Hadi kalkın artık. Güzel bir boy abdesti alın. Tepeden tırnağa ferahlayın boy abdesti sayesinde, her damla suyun şifa olması için dua edin bir yandan. Güzelce tertemiz kıyafetlerinizi giyinin. Seccadenizi serin Kıbleye doğru ve namaz kılın. Dua edin, yalvarın, konuşun, isteyin, yakarın, merhametine sığının Allah’ın.
Namazdan sonra, alın elinize Kur’an-ı Kerim’i, okuyun, sesli okuyun, sessiz okuyun, okumasını bilmiyorsanız eğer, nasıl öğrenirim diye düşünün.
Projeniz hazır işte. Kur’an okumasını öğrenin bir an evvel. Beş vakit namaz kılın, Ramazanda orucunuzu aksatmadan tutun, dininizi öğrenin tüm gücünüzle. Yaşamanın nasıl olacağını öğrenin. Neler yapmak gerektiğini öğrenin. Yapın ama!
Yaptıkça nasıl da mutlu olacaksınız. O içinizdeki, bir türlü dolduramadığınız boşluklarınız nasıl da huzurla, mutlulukla doyacak, evet dolacak demedim, doyacaksınız. Emeğinize göre yavaş yavaş hazım edeceksiniz, bu doygunluk ömür boyu sürsün isteyeceksiniz.

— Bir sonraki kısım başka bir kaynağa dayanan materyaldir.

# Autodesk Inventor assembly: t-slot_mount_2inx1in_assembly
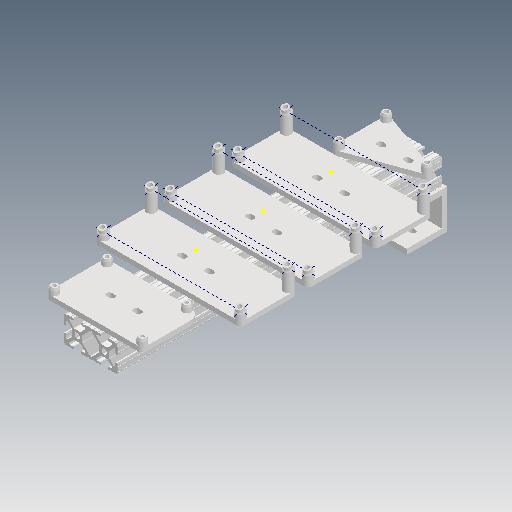
[picture p0: Inventor's stored thumbnail of the model, 512x512]
Saved by Autodesk Inventor 2025.1 (Build 291241000, 241)
## iProperties
Created: 2026-07-04
Part Number: t-slot_mount_2inx1in_assembly
Document SubType Name: Assembly
Designer: Aiden
Author: Aiden
## Documents named in this file (6)
- C:\Users\Aiden\Documents\GitHub\coldex-instrumentation\hardware\mounting_hardware\t-slot_mount_2inx1inx12in\t-slot_mount_2inx1in_assembly.iam
- C:\Users\Aiden\Documents\GitHub\coldex-instrumentation\hardware\mounting_hardware\t-slot_mount_2inx1inx12in\47065T418_T-Slotted Framing.ipt
- C:\Users\Aiden\Documents\GitHub\coldex-instrumentation\hardware\mounting_hardware\t-slot_mount_2inx1inx12in\db-25_standoffs_plate_t-slot-2inx1in.ipt
- C:\Users\Aiden\Documents\GitHub\coldex-instrumentation\hardware\mounting_hardware\t-slot_mount_2inx1inx12in\relay_module_standoffs_angled_plate_t-slot-2inx1in.ipt
- C:\Users\Aiden\Documents\GitHub\coldex-instrumentation\hardware\mounting_hardware\t-slot_mount_2inx1inx12in\arduino_mega_standoffs_plate_t-slot-2inx1in.ipt
- C:\Users\Aiden\Documents\GitHub\coldex-instrumentation\hardware\mounting_hardware\t-slot_mount_2inx1inx12in\hanging_bracket_t-slot-2inx1in.ipt
## Components (7 placed, 5 different names)
1. 47065T418_T-Slotted Framing:1 — Mate:1, Mate:2, Mate:3, Mate:4
2. db-25_standoffs_plate_t-slot-2inx1in:1 — Mate:1
3. arduino_mega_standoffs_plate_t-slot-2inx1in:1 — Mate:3
4. hanging_bracket_t-slot-2inx1in:1 — Mate:4
5. relay_module_standoffs_angled_plate_t-slot-2inx1in:1 — Mate:2
6. relay_module_standoffs_angled_plate_t-slot-2inx1in:2
7. relay_module_standoffs_angled_plate_t-slot-2inx1in:3
## Component patterns: (3 elements, first: relay_module_standoffs_angled_plate_t-slot-2inx1in:1)
## Relationships (4: Mate 4)
- Mate:1: 47065T418_T-Slotted Framing:1 ↔ db-25_standoffs_plate_t-slot-2inx1in:1
- Mate:2: 47065T418_T-Slotted Framing:1 ↔ relay_module_standoffs_angled_plate_t-slot-2inx1in:1
- Mate:3: 47065T418_T-Slotted Framing:1 ↔ arduino_mega_standoffs_plate_t-slot-2inx1in:1
- Mate:4: 47065T418_T-Slotted Framing:1 ↔ hanging_bracket_t-slot-2inx1in:1

Öyle şimdiye kadar yaptığınız gibi maymun iştahlı olmayacaksınız, ne kadar iradeli ve dik hissedeceksiniz kendinizi. Ne kadar ama, bir bilseniz…
Sizin kiminle küs olduğunuz belli, evrenle barışmak demek ne demekmiş anladınız mı şimdi? Sadece ismini değiştirip evren demişler.
Ama haklarını da yemeyelim, gerçekten barışmamızın zamanı gelmiş de geçiyormuş değil mi?